Binding of the fluorophore 1,1'-bis(4-anilino)naphthalene-5,5'-disulfonic acid (bis-ANS) to influenza virus A/PR 8/34 is strongly enhanced at low pH. Binding is accompanied by a significant increase in fluorescence intensity. The binding and the fluorescence increase are associated with the low-pH induced conformational change of the viral spike protein, hemagglutinin, exposing hydrophobic binding sites. The data indicate that in addition to the hydrophobic N-terminus of HA2 other hydrophobic sequences of the HA ectodomain become accessible to bis-ANS at low pH. It is shown that the time course of the fluorescence increase of bis-ANS at low pH is determined by the conformational change of HA. The application of this assay for continuously monitoring the kinetics of the structural alteration in HA is discussed and its relevance for elucidating the temporal relationship between the conformational change of HA and virus-membrane fusion is outlined.

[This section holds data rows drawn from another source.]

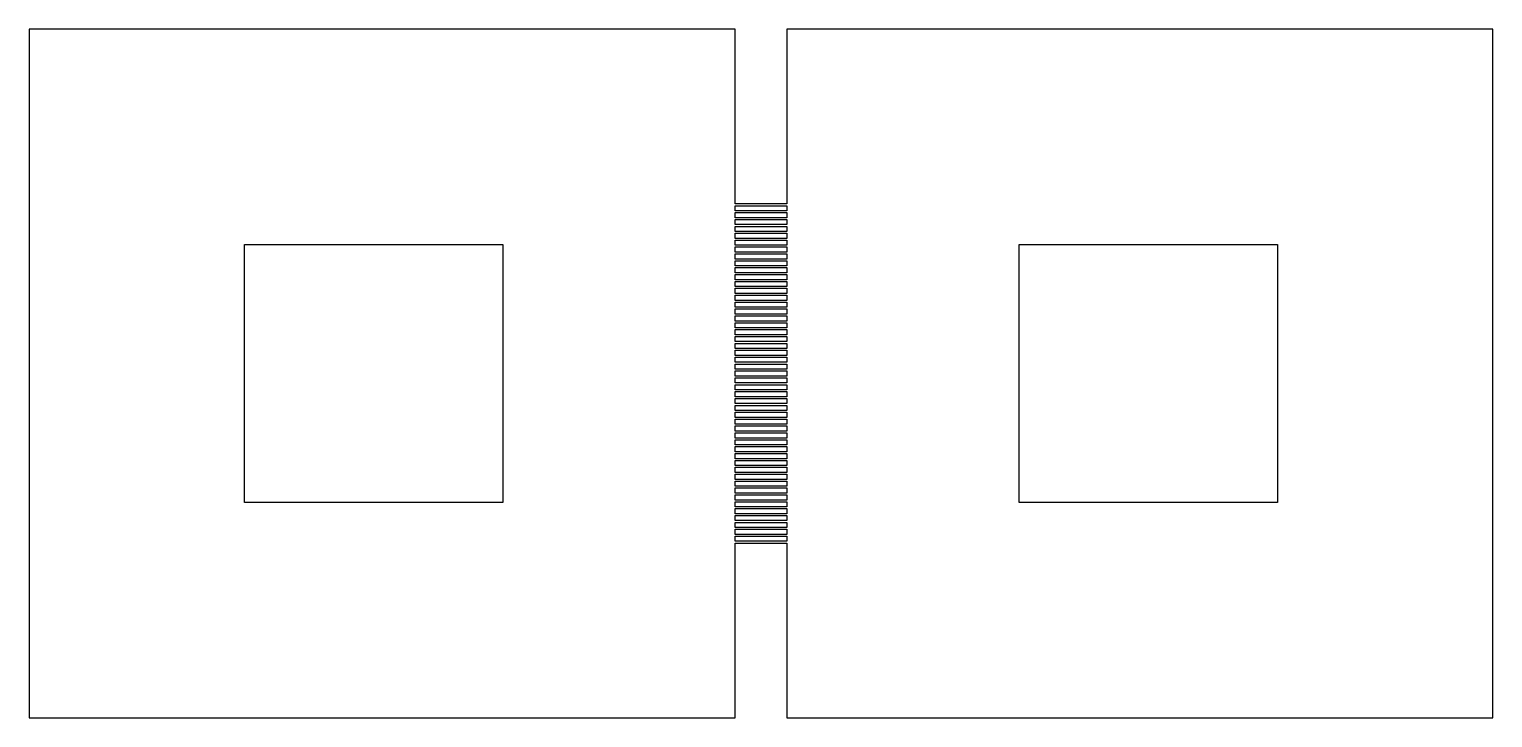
# Model space of a CAD drawing. Extents: x 0.25 to 8.75, y 0.25 to 4.25.
import ezdxf

# ---------------------------------------------------------------- set-up
doc = ezdxf.new("R2010")
doc.units = 0

msp = doc.modelspace()

# ---------------------------------------------------------------- linework, layer by layer
for p, q in [((4.35001, 4.25), (0.25, 4.25)), ((0.25, 4.25), (0.25, 0.25)), ((4.35001, 3.23499), (4.35001, 4.25)), ((8.75, 4.25), (4.64999, 4.25)), ((4.64999, 4.25), (4.64999, 3.23499)), ((8.75, 0.25), (8.75, 4.25)), ((4.64999, 3.23499), (4.35001, 3.23499)), ((4.35001, 3.19499), (4.35001, 3.22499)), ((4.35001, 3.22499), (4.64999, 3.22499)), ((4.64999, 3.19499), (4.35001, 3.19499)), ((4.35001, 3.155), (4.35001, 3.185)), ((4.35001, 3.185), (4.64999, 3.185)), ((4.64999, 3.155), (4.35001, 3.155)), ((4.64999, 3.22499), (4.64999, 3.19499)), ((4.64999, 3.185), (4.64999, 3.155)), ((4.35001, 3.11499), (4.35001, 3.14499)), ((4.35001, 3.14499), (4.64999, 3.14499)), ((4.64999, 3.11499), (4.35001, 3.11499)), ((4.35001, 3.075), (4.35001, 3.105)), ((4.35001, 3.105), (4.64999, 3.105)), ((4.64999, 3.075), (4.35001, 3.075)), ((4.35001, 3.03499), (4.35001, 3.06499)), ((4.35001, 3.06499), (4.64999, 3.06499)), ((4.64999, 3.14499), (4.64999, 3.11499)), ((4.64999, 3.105), (4.64999, 3.075)), ((4.64999, 3.06499), (4.64999, 3.03499)), ((1.5, 1.5), (1.5, 3)), ((1.5, 3), (3, 3)), ((3, 3), (3, 1.5)), ((4.64999, 3.03499), (4.35001, 3.03499)), ((4.35001, 2.995), (4.35001, 3.02499)), ((4.35001, 3.02499), (4.64999, 3.02499)), ((4.64999, 2.995), (4.35001, 2.995)), ((4.35001, 2.95499), (4.35001, 2.98499)), ((4.35001, 2.98499), (4.64999, 2.98499)), ((4.64999, 3.02499), (4.64999, 2.995)), ((4.64999, 2.98499), (4.64999, 2.95499)), ((6, 1.5), (6, 3)), ((6, 3), (7.5, 3)), ((7.5, 3), (7.5, 1.5)), ((4.64999, 2.95499), (4.35001, 2.95499)), ((4.35001, 2.91499), (4.35001, 2.94499)), ((4.35001, 2.94499), (4.64999, 2.94499)), ((4.64999, 2.91499), (4.35001, 2.91499)), ((4.35001, 2.875), (4.35001, 2.905)), ((4.35001, 2.905), (4.64999, 2.905)), ((4.64999, 2.94499), (4.64999, 2.91499)), ((4.64999, 2.905), (4.64999, 2.875)), ((4.64999, 2.875), (4.35001, 2.875)), ((4.35001, 2.83499), (4.35001, 2.86499)), ((4.35001, 2.86499), (4.64999, 2.86499)), ((4.64999, 2.83499), (4.35001, 2.83499)), ((4.35001, 2.795), (4.35001, 2.825)), ((4.35001, 2.825), (4.64999, 2.825)), ((4.64999, 2.86499), (4.64999, 2.83499)), ((4.64999, 2.825), (4.64999, 2.795)), ((4.64999, 2.795), (4.35001, 2.795)), ((4.35001, 2.75499), (4.35001, 2.78499)), ((4.35001, 2.78499), (4.64999, 2.78499)), ((4.64999, 2.75499), (4.35001, 2.75499)), ((4.35001, 2.715), (4.35001, 2.745)), ((4.35001, 2.745), (4.64999, 2.745)), ((4.64999, 2.78499), (4.64999, 2.75499)), ((4.64999, 2.745), (4.64999, 2.715)), ((4.64999, 2.715), (4.35001, 2.715)), ((4.35001, 2.67499), (4.35001, 2.70499)), ((4.35001, 2.70499), (4.64999, 2.70499)), ((4.64999, 2.67499), (4.35001, 2.67499)), ((4.35001, 2.63499), (4.35001, 2.66499)), ((4.35001, 2.66499), (4.64999, 2.66499)), ((4.64999, 2.70499), (4.64999, 2.67499)), ((4.64999, 2.66499), (4.64999, 2.63499)), ((4.64999, 2.63499), (4.35001, 2.63499)), ((4.35001, 2.59499), (4.35001, 2.625)), ((4.35001, 2.625), (4.64999, 2.625)), ((4.64999, 2.59499), (4.35001, 2.59499)), ((4.35001, 2.55499), (4.35001, 2.58499)), ((4.35001, 2.58499), (4.64999, 2.58499)), ((4.64999, 2.55499), (4.35001, 2.55499)), ((4.64999, 2.625), (4.64999, 2.59499)), ((4.64999, 2.58499), (4.64999, 2.55499)), ((4.35001, 2.515), (4.35001, 2.545)), ((4.35001, 2.545), (4.64999, 2.545)), ((4.64999, 2.515), (4.35001, 2.515)), ((4.35001, 2.47499), (4.35001, 2.50499)), ((4.35001, 2.50499), (4.64999, 2.50499)), ((4.64999, 2.47499), (4.35001, 2.47499)), ((4.64999, 2.545), (4.64999, 2.515)), ((4.64999, 2.50499), (4.64999, 2.47499)), ((4.35001, 2.435), (4.35001, 2.465)), ((4.35001, 2.465), (4.64999, 2.465)), ((4.64999, 2.435), (4.35001, 2.435)), ((4.35001, 2.39499), (4.35001, 2.42499)), ((4.35001, 2.42499), (4.64999, 2.42499)), ((4.64999, 2.39499), (4.35001, 2.39499)), ((4.35001, 2.355), (4.35001, 2.38499)), ((4.35001, 2.38499), (4.64999, 2.38499)), ((4.64999, 2.465), (4.64999, 2.435)), ((4.64999, 2.42499), (4.64999, 2.39499)), ((4.64999, 2.38499), (4.64999, 2.355)), ((4.64999, 2.355), (4.35001, 2.355)), ((4.35001, 2.31499), (4.35001, 2.34499)), ((4.35001, 2.34499), (4.64999, 2.34499)), ((4.64999, 2.31499), (4.35001, 2.31499)), ((4.35001, 2.27499), (4.35001, 2.30499)), ((4.35001, 2.30499), (4.64999, 2.30499)), ((4.64999, 2.34499), (4.64999, 2.31499)), ((4.64999, 2.30499), (4.64999, 2.27499)), ((4.64999, 2.27499), (4.35001, 2.27499)), ((4.35001, 2.235), (4.35001, 2.265)), ((4.35001, 2.265), (4.64999, 2.265)), ((4.64999, 2.235), (4.35001, 2.235)), ((4.35001, 2.19501), (4.35001, 2.22501)), ((4.35001, 2.22501), (4.64999, 2.22501)), ((4.64999, 2.265), (4.64999, 2.235)), ((4.64999, 2.22501), (4.64999, 2.19501)), ((4.64999, 2.19501), (4.35001, 2.19501)), ((4.35001, 2.15501), (4.35001, 2.18501)), ((4.35001, 2.18501), (4.64999, 2.18501)), ((4.64999, 2.15501), (4.35001, 2.15501)), ((4.35001, 2.11501), (4.35001, 2.145)), ((4.35001, 2.145), (4.64999, 2.145)), ((4.64999, 2.18501), (4.64999, 2.15501)), ((4.64999, 2.145), (4.64999, 2.11501)), ((4.64999, 2.11501), (4.35001, 2.11501)), ((4.35001, 2.07501), (4.35001, 2.10501)), ((4.35001, 2.10501), (4.64999, 2.10501)), ((4.64999, 2.07501), (4.35001, 2.07501)), ((4.35001, 2.035), (4.35001, 2.065)), ((4.35001, 2.065), (4.64999, 2.065)), ((4.64999, 2.10501), (4.64999, 2.07501)), ((4.64999, 2.065), (4.64999, 2.035)), ((4.64999, 2.035), (4.35001, 2.035)), ((4.35001, 1.99501), (4.35001, 2.02501)), ((4.35001, 2.02501), (4.64999, 2.02501)), ((4.64999, 1.99501), (4.35001, 1.99501)), ((4.35001, 1.955), (4.35001, 1.985)), ((4.35001, 1.985), (4.64999, 1.985)), ((4.64999, 1.955), (4.35001, 1.955)), ((4.64999, 2.02501), (4.64999, 1.99501)), ((4.64999, 1.985), (4.64999, 1.955)), ((4.35001, 1.91501), (4.35001, 1.94501)), ((4.35001, 1.94501), (4.64999, 1.94501)), ((4.64999, 1.91501), (4.35001, 1.91501)), ((4.35001, 1.875), (4.35001, 1.90501)), ((4.35001, 1.90501), (4.64999, 1.90501)), ((4.64999, 1.875), (4.35001, 1.875)), ((4.64999, 1.94501), (4.64999, 1.91501)), ((4.64999, 1.90501), (4.64999, 1.875)), ((4.35001, 1.83501), (4.35001, 1.86501)), ((4.35001, 1.86501), (4.64999, 1.86501)), ((4.64999, 1.83501), (4.35001, 1.83501)), ((4.35001, 1.79501), (4.35001, 1.82501)), ((4.35001, 1.82501), (4.64999, 1.82501)), ((4.64999, 1.79501), (4.35001, 1.79501)), ((4.64999, 1.86501), (4.64999, 1.83501)), ((4.64999, 1.82501), (4.64999, 1.79501)), ((4.35001, 1.755), (4.35001, 1.785)), ((4.35001, 1.785), (4.64999, 1.785)), ((4.64999, 1.755), (4.35001, 1.755)), ((4.35001, 1.71501), (4.35001, 1.74501)), ((4.35001, 1.74501), (4.64999, 1.74501)), ((4.64999, 1.71501), (4.35001, 1.71501)), ((4.35001, 1.675), (4.35001, 1.705)), ((4.35001, 1.705), (4.64999, 1.705)), ((4.64999, 1.785), (4.64999, 1.755)), ((4.64999, 1.74501), (4.64999, 1.71501)), ((4.64999, 1.705), (4.64999, 1.675)), ((4.64999, 1.675), (4.35001, 1.675)), ((4.35001, 1.63501), (4.35001, 1.66501)), ((4.35001, 1.66501), (4.64999, 1.66501)), ((4.64999, 1.63501), (4.35001, 1.63501)), ((4.35001, 1.595), (4.35001, 1.625)), ((4.35001, 1.625), (4.64999, 1.625)), ((4.64999, 1.66501), (4.64999, 1.63501)), ((4.64999, 1.625), (4.64999, 1.595)), ((4.64999, 1.595), (4.35001, 1.595)), ((4.35001, 1.55501), (4.35001, 1.58501)), ((4.35001, 1.58501), (4.64999, 1.58501)), ((4.64999, 1.55501), (4.35001, 1.55501)), ((4.35001, 1.51501), (4.35001, 1.54501)), ((4.35001, 1.54501), (4.64999, 1.54501)), ((4.64999, 1.58501), (4.64999, 1.55501)), ((4.64999, 1.54501), (4.64999, 1.51501)), ((3, 1.5), (1.5, 1.5)), ((4.64999, 1.51501), (4.35001, 1.51501)), ((4.35001, 1.47501), (4.35001, 1.505)), ((4.35001, 1.505), (4.64999, 1.505)), ((4.64999, 1.47501), (4.35001, 1.47501)), ((4.35001, 1.43501), (4.35001, 1.46501)), ((4.35001, 1.46501), (4.64999, 1.46501)), ((4.64999, 1.505), (4.64999, 1.47501)), ((4.64999, 1.46501), (4.64999, 1.43501)), ((7.5, 1.5), (6, 1.5)), ((4.64999, 1.43501), (4.35001, 1.43501)), ((4.35001, 1.395), (4.35001, 1.425)), ((4.35001, 1.425), (4.64999, 1.425)), ((4.64999, 1.395), (4.35001, 1.395)), ((4.35001, 1.35501), (4.35001, 1.38501)), ((4.35001, 1.38501), (4.64999, 1.38501)), ((4.64999, 1.425), (4.64999, 1.395)), ((4.64999, 1.38501), (4.64999, 1.35501)), ((4.64999, 1.35501), (4.35001, 1.35501)), ((4.35001, 1.315), (4.35001, 1.345)), ((4.35001, 1.345), (4.64999, 1.345)), ((4.64999, 1.315), (4.35001, 1.315)), ((4.35001, 1.27501), (4.35001, 1.30501)), ((4.35001, 1.30501), (4.64999, 1.30501)), ((4.64999, 1.27501), (4.35001, 1.27501)), ((4.64999, 1.345), (4.64999, 1.315)), ((4.64999, 1.30501), (4.64999, 1.27501)), ((4.35001, 1.26501), (4.64999, 1.26501)), ((4.35001, 0.25), (4.35001, 1.26501)), ((4.64999, 1.26501), (4.64999, 0.25)), ((0.25, 0.25), (4.35001, 0.25)), ((4.64999, 0.25), (8.75, 0.25))]:
    msp.add_line(p, q)

doc.saveas('drawing.dxf')

Role of hydrophobic interactions in the fusion activity of influenza and Sendai viruses towards model membranes

We have studied the role of hydrophobic interactions in the fusion activity of two lipid enveloped viruses, influenza and Sendai. Using the fluorescent probe ANS (1-aminonaphtalene-8-sulfonate) we have shown that low-pH-dependent influenza virus activation involves a marked increase in the viral envelope hydrophobicity. The effect of dehydrating agents on the fusion activity of both viruses towards model lipid membranes was studied using a fluorescence dequenching assay. Dehydrating agents such as dimethylsulfoxide and dimethylsulfone greatly enhanced the initial rate of the fusion process, the effect of dimethylsulfone doubling that of dimethylsulfoxide. The effect of poly(ethylene glycol) on the fusion process was found to be dependent on the polymer concentration and molecular weight. In general, similar observations were made for both viruses. These results stress the importance of dehydration and hydrophobic interactions in the fusion activity of influenza and Sendai viruses, and show that these factors may be generally involved in membrane fusion events mediated by many other lipid enveloped viruses.